NI pledges to support students

Source: Pano feed

Tam Ich


Mr Chandran Nair, Managing Director, National Instruments Southeast Asia, and Ms. Le Duy Loan, Senior Fellow of Texas Instruments, presenting the winning team from Hanoi University of Science & Technology with first prize - PHOTO: NI

Mr Chandran Nair, Managing Director, National Instruments Southeast Asia, and Ms. Le Duy Loan, Senior Fellow of Texas Instruments, presenting the winning team from Hanoi University of Science & Technology with first prize - PHOTO: NI



Le Duy Loan, a senior board member of NI, said that in the long term, NI will create conditions and give internship to fresh graduates to help them get employment quickly and gain experiences in team working, public speaking and communication in foreign languages. National Instruments is a supplier of technology, both hardware and software, for a vast array of industries, from automobile to electronics and atomic physics.

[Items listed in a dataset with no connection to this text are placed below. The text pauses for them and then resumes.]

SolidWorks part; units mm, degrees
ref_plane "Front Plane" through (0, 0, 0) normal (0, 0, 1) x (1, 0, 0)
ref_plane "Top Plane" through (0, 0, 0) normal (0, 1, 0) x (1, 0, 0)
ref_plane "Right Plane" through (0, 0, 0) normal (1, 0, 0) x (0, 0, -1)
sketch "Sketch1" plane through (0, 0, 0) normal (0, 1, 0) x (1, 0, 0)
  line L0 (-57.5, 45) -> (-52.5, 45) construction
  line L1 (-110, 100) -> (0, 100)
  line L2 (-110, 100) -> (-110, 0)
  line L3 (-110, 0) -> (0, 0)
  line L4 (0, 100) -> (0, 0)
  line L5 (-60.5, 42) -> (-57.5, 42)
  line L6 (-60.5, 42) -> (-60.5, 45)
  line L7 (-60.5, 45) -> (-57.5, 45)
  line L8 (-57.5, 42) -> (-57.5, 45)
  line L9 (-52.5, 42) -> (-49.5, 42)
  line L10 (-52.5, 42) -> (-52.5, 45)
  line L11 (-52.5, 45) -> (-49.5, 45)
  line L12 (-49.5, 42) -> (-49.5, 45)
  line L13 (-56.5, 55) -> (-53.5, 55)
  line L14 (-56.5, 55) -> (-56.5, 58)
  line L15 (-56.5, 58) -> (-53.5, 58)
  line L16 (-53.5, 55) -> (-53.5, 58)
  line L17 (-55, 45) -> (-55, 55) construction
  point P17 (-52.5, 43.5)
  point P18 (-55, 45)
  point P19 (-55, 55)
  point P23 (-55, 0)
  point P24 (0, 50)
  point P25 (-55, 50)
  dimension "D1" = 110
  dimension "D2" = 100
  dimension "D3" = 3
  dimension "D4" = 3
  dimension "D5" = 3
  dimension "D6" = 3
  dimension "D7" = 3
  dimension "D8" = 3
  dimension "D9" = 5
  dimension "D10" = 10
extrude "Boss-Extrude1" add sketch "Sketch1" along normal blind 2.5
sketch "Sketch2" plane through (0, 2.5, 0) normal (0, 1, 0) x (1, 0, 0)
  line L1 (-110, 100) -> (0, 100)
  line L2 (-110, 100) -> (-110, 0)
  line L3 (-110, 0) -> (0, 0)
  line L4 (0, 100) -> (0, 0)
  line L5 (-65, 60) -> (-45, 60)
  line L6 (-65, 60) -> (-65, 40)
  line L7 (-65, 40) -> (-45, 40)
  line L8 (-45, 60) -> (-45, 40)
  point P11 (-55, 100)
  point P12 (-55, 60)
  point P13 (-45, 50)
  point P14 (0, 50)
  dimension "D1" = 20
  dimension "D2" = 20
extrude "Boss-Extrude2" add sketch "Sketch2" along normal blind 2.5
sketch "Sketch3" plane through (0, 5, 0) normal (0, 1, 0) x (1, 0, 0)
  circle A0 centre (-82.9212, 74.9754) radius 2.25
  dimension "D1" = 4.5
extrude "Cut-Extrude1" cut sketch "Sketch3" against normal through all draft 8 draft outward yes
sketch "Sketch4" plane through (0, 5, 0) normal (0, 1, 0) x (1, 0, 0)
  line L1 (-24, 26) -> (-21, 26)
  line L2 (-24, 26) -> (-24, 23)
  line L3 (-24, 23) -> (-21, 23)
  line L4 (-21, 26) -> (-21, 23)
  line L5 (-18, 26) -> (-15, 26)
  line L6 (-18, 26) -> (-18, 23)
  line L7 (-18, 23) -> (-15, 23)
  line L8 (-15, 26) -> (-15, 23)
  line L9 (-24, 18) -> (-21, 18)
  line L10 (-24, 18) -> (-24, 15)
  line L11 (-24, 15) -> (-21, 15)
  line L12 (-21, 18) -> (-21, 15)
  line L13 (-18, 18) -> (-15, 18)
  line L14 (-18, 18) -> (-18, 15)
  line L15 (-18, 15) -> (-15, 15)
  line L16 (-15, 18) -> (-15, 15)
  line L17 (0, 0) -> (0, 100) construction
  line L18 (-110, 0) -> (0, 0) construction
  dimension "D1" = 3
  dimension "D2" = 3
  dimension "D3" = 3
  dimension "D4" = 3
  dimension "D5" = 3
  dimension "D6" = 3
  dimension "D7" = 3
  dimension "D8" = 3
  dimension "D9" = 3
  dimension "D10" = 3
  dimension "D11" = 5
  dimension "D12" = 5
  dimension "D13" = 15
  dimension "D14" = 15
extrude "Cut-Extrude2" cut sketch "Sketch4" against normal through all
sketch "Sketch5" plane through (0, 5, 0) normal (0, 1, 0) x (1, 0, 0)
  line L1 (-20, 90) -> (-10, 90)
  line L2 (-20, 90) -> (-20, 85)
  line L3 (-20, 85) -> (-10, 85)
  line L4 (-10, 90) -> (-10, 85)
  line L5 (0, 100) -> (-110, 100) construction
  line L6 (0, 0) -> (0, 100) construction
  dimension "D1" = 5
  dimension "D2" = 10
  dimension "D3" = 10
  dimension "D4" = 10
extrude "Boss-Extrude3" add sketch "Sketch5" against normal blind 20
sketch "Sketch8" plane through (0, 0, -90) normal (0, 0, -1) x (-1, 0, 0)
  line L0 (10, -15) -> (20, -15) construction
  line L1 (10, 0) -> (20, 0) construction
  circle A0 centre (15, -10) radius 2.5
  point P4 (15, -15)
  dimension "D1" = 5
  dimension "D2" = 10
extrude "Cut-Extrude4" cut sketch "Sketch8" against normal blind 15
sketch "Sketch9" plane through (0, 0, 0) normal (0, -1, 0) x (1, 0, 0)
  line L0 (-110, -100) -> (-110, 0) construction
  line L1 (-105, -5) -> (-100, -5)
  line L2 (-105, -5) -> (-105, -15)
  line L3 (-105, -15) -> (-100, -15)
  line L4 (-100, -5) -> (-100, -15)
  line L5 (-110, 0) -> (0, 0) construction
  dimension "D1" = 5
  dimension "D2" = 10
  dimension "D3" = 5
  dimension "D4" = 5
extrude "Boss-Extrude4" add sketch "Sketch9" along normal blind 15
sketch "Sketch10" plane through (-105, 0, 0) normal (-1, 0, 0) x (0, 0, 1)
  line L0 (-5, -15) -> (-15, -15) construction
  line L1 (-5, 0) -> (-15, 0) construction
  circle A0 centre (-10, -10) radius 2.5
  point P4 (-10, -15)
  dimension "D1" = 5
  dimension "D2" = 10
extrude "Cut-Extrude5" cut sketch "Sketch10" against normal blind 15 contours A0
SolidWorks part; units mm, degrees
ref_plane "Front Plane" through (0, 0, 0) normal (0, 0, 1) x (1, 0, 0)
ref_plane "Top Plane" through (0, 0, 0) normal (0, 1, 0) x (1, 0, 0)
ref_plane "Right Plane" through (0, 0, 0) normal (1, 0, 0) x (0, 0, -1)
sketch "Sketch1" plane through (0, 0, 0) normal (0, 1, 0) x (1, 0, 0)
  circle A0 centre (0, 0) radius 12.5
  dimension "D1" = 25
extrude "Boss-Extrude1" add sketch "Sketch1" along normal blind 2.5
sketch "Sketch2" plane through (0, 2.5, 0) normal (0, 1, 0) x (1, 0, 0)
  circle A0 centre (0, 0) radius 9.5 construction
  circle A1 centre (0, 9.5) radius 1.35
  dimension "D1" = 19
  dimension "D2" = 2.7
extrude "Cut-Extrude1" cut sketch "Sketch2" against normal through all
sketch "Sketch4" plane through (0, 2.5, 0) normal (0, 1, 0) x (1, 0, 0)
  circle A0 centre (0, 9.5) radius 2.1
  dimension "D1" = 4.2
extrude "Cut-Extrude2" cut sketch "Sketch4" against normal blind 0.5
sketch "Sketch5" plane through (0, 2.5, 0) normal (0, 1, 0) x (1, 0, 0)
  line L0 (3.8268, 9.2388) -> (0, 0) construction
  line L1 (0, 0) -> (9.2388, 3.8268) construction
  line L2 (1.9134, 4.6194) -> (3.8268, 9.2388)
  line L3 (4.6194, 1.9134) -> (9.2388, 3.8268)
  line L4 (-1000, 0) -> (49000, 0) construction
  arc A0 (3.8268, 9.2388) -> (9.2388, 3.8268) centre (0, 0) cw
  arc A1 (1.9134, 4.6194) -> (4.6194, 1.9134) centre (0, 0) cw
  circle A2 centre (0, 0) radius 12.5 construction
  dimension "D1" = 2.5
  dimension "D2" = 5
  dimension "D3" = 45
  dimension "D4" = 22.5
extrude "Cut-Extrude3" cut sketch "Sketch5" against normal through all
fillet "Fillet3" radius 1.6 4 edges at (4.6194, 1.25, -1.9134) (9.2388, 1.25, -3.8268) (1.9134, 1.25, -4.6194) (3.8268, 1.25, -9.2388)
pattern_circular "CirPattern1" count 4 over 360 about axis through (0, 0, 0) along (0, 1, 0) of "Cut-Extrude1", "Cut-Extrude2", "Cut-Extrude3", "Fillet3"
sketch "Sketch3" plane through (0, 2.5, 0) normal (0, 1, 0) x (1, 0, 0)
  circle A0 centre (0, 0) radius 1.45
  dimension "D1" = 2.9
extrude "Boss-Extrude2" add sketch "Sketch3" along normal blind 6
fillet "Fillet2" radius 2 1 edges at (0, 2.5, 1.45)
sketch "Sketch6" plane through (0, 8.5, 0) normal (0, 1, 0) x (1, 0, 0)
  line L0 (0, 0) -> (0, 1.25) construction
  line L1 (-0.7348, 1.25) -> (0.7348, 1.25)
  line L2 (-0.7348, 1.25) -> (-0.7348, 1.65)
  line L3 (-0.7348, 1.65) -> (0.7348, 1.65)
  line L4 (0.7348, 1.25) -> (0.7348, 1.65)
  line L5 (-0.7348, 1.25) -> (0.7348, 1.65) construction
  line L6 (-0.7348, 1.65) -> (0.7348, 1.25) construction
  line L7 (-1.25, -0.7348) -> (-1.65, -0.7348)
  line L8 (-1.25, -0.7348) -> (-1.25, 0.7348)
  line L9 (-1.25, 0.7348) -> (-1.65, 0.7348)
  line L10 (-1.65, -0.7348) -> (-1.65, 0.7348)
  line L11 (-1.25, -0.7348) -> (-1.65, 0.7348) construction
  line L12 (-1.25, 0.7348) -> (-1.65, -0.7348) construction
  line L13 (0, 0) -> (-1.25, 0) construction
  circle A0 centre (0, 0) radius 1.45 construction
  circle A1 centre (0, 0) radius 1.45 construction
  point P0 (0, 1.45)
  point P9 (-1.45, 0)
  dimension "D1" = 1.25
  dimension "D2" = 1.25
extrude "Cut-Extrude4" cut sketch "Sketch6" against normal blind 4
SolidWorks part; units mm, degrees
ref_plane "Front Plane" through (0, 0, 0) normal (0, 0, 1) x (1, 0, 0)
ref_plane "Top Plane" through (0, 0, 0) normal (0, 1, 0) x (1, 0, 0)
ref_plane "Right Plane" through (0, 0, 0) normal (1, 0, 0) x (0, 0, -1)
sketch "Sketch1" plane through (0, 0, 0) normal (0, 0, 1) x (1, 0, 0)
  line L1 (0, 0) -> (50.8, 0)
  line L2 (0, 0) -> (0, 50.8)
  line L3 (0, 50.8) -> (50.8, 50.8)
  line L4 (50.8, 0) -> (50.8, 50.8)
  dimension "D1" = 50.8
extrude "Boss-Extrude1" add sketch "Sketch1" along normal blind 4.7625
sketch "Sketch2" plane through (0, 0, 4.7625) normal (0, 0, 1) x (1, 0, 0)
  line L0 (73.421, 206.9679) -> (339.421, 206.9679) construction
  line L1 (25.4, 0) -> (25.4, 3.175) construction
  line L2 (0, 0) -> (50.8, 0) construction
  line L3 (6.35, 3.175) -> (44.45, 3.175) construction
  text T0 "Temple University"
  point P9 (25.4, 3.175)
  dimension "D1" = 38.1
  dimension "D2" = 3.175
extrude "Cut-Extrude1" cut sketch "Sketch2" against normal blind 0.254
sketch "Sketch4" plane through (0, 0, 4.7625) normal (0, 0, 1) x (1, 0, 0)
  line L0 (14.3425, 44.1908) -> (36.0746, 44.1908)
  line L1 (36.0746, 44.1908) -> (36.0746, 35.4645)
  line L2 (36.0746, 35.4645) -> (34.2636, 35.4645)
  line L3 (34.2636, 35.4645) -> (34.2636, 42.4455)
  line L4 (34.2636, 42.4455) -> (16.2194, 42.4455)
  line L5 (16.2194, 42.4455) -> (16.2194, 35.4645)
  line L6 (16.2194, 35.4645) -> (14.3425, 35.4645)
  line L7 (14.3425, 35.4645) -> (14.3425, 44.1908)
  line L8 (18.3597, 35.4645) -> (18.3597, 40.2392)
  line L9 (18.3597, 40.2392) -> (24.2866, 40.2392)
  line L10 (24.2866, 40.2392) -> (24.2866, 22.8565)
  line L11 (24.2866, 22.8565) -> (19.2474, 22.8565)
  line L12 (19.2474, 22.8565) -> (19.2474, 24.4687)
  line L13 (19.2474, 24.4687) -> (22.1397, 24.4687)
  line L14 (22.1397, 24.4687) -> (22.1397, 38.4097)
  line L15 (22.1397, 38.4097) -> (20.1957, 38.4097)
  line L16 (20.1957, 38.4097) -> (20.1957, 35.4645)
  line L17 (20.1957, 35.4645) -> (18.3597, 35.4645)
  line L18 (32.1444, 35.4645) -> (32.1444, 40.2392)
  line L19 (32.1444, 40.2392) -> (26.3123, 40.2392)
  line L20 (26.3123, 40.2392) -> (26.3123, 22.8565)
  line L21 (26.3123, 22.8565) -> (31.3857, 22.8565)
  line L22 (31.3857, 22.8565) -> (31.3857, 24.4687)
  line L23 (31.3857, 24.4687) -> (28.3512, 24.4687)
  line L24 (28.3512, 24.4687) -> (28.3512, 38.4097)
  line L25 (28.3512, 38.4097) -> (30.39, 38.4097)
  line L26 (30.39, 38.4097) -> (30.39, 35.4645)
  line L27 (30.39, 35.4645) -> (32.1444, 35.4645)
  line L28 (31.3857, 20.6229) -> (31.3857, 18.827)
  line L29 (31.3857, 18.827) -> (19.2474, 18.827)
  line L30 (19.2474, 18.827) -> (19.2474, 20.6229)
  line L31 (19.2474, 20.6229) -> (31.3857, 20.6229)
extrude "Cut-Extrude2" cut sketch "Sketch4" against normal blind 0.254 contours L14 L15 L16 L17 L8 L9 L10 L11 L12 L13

Loan was explaining the company’s assistance to students at a meeting in HCMC on Tuesday, when the final round of NI Innovation Design Competition for Young Entrepreneurs in Vietnam was held and winners announced. The competition on making creative designs targeting Vietnamese graduates from technical colleges or students of such schools was kicked off in June.


She told local media that students need three key factors – education environment, job opportunities and guidance from senior engineers. These factors will help students develop their projects while they must have passion to realize their ideas and schemes.


NI cooperated with HCMC Vocational College to establish LabVIEW Academy in March, 2014. Currently, some 20 students and lecturers are taking training courses there and they are going to get LabVIEW certificates soon. The program will get support in technology and teaching equipment from NI.


At present, university students in the U.S. are using LabVIEW to gain more knowledge for job application.


With a representative office in HCMC since 2011, NI has provided automation and quality check solutions for some universities, research entities and factories.


NI has seen increasing demands for the solutions in Vietnam partly due to low labor productivity. Vietnamese workers’ labor productivity is far lower than that of many other countries in Asia-Pacific, which is only equal to 1/15 of Singapore’s. In Singapore, a factory employs only five workers to run 40 machines thanks to application of automation process.


Besides, the local agriculture industry may apply automation solutions to raise productivity and reduce farmers’ working time. Given NI’s technological supports, investment cost in the solutions is only one-tenth of those offered by other enterprises, according to Loan.


NI’s assistance to Vietnamese students and lecturers and its research activities aims to introduce its automation solutions to companies and factories in Vietnam in the future.